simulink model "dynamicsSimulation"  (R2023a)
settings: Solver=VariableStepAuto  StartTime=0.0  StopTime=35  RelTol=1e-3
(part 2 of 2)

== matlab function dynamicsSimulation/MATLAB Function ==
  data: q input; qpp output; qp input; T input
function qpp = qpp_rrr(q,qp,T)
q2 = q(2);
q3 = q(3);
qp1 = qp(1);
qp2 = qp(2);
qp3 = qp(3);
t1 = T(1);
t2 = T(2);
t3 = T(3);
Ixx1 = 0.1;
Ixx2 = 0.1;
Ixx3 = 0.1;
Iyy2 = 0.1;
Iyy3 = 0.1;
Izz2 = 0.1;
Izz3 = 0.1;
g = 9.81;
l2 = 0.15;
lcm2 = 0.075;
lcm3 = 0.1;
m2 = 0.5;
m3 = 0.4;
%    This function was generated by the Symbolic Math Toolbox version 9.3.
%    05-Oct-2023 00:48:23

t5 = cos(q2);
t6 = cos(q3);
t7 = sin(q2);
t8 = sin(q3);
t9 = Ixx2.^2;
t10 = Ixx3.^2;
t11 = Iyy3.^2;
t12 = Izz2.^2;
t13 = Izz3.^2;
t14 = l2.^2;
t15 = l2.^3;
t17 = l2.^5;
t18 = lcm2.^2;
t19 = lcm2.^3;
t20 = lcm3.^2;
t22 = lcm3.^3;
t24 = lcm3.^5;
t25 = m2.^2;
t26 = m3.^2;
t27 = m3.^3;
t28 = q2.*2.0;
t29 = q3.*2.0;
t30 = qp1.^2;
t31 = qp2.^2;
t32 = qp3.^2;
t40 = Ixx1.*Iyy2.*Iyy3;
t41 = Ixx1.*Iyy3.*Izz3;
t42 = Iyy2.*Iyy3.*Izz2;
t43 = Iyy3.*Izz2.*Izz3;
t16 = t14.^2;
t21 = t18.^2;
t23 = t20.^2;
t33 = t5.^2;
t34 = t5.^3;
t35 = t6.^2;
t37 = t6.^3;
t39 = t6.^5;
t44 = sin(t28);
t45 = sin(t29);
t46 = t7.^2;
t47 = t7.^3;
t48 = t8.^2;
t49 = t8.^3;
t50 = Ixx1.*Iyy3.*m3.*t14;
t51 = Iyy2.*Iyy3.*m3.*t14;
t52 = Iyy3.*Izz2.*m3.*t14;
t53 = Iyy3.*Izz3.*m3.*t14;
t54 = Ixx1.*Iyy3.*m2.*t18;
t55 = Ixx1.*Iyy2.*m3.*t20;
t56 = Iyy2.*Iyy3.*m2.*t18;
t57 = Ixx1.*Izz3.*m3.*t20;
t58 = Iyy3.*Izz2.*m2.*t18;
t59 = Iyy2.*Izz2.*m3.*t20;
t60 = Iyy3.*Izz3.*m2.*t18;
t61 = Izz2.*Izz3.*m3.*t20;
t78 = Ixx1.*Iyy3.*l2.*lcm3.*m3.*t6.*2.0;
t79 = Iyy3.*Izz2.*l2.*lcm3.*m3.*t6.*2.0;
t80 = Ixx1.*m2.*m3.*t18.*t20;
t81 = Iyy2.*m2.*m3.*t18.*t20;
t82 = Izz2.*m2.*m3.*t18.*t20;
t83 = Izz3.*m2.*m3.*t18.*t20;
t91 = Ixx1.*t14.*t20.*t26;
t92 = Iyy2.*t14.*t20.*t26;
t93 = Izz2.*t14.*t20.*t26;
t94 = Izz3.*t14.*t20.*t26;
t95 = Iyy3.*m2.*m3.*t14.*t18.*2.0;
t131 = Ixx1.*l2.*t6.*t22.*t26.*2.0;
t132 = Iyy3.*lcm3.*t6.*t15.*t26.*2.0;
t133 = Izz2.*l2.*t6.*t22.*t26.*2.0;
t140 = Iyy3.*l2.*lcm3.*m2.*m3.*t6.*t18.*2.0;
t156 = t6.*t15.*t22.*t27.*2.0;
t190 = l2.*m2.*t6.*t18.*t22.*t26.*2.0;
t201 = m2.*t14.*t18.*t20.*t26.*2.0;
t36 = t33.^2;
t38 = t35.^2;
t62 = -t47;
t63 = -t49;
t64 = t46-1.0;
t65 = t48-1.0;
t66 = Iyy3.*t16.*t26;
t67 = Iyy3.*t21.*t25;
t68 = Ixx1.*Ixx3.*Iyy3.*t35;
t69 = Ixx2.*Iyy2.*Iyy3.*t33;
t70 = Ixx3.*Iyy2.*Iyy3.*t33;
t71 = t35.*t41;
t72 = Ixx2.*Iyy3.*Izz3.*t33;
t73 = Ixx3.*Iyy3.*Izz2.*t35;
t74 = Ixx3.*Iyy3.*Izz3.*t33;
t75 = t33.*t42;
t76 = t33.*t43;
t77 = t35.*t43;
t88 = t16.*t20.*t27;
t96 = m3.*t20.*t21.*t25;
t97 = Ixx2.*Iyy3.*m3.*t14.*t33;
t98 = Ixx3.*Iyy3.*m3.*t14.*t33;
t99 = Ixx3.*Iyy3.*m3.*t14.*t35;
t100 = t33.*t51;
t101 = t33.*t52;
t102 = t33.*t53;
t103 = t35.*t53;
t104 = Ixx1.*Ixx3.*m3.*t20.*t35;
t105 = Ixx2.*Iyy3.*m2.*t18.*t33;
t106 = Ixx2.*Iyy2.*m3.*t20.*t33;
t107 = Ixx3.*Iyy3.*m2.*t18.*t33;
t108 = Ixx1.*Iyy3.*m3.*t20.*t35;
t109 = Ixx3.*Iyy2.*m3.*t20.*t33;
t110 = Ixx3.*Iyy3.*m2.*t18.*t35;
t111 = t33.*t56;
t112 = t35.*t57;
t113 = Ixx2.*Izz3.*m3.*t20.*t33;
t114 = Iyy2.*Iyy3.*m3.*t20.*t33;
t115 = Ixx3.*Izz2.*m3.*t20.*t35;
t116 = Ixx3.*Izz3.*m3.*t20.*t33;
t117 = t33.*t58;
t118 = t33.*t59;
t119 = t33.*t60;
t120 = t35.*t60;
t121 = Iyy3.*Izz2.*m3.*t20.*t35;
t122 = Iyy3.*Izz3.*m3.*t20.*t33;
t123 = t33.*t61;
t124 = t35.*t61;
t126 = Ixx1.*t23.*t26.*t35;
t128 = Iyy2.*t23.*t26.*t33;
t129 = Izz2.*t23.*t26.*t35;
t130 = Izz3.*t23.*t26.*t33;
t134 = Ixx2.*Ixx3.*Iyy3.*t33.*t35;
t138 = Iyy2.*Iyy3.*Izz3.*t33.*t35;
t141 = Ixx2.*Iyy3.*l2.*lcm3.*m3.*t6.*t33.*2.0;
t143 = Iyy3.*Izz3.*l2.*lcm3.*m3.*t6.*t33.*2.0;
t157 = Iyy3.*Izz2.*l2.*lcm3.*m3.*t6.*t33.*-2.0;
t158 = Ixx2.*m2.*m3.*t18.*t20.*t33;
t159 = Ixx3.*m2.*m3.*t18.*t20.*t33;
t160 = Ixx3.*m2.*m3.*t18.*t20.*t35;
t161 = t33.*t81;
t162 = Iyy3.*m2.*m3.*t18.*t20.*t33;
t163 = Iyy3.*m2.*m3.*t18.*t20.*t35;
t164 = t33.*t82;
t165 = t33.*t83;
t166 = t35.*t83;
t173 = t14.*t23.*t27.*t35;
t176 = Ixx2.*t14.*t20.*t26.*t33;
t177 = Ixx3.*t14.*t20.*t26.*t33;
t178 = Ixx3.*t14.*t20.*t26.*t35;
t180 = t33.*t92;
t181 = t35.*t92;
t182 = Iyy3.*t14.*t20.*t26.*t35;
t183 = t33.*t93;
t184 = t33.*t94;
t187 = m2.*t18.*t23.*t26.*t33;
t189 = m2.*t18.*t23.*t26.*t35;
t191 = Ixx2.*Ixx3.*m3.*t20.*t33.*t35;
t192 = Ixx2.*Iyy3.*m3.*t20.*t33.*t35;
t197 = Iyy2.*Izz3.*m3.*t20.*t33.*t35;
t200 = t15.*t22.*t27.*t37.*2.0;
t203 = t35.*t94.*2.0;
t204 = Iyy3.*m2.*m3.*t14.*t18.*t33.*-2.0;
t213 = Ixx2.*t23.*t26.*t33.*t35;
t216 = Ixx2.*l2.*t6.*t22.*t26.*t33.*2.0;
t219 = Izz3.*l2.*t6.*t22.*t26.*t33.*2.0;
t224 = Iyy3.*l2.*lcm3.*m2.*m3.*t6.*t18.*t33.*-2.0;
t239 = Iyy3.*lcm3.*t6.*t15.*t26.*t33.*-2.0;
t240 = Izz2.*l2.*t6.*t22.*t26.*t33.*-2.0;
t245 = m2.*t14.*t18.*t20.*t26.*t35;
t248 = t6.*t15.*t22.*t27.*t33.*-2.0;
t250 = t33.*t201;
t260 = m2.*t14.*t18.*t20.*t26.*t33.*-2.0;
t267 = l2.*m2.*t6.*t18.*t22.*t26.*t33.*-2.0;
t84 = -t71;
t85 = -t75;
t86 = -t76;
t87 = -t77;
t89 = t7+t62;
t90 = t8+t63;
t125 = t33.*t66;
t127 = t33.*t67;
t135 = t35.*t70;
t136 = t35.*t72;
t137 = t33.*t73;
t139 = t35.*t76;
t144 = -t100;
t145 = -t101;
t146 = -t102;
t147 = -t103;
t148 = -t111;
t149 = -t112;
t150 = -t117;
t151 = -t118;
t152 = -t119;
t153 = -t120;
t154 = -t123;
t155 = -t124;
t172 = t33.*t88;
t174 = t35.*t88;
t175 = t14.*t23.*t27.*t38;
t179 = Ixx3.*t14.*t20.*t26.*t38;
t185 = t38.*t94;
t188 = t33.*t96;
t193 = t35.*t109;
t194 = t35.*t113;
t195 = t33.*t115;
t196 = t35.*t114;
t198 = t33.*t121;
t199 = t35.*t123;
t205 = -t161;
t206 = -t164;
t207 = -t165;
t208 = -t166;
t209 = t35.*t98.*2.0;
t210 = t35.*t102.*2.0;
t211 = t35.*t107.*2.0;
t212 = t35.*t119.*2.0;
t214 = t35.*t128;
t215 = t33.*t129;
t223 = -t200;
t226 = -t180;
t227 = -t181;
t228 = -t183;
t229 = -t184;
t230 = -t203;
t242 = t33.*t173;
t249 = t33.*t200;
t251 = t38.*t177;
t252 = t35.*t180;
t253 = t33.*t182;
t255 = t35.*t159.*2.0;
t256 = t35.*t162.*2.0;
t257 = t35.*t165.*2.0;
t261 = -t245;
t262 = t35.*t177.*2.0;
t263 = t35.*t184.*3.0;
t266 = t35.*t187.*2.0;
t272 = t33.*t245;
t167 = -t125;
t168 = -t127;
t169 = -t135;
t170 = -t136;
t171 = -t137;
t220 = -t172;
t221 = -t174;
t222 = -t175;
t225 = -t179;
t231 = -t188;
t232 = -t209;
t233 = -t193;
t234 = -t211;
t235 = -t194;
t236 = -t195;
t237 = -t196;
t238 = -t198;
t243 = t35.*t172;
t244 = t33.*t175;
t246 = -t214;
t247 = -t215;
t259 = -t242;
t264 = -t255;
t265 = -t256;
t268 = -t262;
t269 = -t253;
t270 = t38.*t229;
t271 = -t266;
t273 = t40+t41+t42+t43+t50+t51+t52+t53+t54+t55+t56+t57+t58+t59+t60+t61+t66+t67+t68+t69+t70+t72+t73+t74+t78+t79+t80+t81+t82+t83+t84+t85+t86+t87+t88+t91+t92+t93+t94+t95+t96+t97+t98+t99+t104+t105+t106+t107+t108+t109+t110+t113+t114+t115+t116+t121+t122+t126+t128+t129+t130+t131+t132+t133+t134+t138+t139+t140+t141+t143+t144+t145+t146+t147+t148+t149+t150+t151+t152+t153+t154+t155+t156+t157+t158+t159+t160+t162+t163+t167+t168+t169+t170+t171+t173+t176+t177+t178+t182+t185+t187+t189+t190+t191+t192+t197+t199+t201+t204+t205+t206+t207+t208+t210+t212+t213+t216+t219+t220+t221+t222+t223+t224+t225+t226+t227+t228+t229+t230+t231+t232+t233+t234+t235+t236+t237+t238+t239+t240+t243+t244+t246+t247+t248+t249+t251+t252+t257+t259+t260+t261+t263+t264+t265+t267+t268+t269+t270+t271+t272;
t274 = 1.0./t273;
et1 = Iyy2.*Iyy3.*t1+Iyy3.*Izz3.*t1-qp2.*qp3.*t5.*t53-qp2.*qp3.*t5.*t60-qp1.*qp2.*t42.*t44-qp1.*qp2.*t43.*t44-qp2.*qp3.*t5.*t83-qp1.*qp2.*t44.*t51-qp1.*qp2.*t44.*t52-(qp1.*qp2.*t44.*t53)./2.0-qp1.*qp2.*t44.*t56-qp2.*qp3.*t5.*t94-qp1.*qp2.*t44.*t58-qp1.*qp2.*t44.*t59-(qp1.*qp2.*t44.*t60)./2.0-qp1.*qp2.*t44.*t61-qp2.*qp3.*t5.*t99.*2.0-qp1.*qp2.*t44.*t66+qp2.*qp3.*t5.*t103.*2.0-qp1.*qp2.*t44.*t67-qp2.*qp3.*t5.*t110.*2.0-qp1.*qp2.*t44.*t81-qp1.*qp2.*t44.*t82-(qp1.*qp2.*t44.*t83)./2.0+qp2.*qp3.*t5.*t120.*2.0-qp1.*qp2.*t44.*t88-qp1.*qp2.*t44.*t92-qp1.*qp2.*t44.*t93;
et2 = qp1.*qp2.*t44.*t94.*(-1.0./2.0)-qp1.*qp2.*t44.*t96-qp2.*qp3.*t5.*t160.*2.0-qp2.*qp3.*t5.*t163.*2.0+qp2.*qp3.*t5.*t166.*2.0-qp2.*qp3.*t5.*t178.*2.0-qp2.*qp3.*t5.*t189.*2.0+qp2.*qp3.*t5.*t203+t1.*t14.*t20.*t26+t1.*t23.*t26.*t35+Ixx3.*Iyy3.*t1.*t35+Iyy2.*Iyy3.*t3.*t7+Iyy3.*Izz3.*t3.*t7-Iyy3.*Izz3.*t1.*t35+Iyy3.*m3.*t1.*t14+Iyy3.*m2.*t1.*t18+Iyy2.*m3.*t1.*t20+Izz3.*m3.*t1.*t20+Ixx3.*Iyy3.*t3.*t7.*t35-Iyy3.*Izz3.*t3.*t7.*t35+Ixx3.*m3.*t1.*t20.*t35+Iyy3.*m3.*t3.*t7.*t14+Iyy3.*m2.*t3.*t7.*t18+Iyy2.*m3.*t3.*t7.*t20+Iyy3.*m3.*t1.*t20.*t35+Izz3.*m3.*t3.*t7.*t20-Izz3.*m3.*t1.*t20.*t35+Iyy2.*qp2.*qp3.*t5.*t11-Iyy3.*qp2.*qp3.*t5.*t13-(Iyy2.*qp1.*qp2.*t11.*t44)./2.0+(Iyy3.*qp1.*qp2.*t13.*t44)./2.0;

-------

• Exercise
List every line from the entries above in which "function" appears.

• Written solution
== matlab function dynamicsSimulation/MATLAB Function ==
function qpp = qpp_rrr(q,qp,T)
%    This function was generated by the Symbolic Math Toolbox version 9.3.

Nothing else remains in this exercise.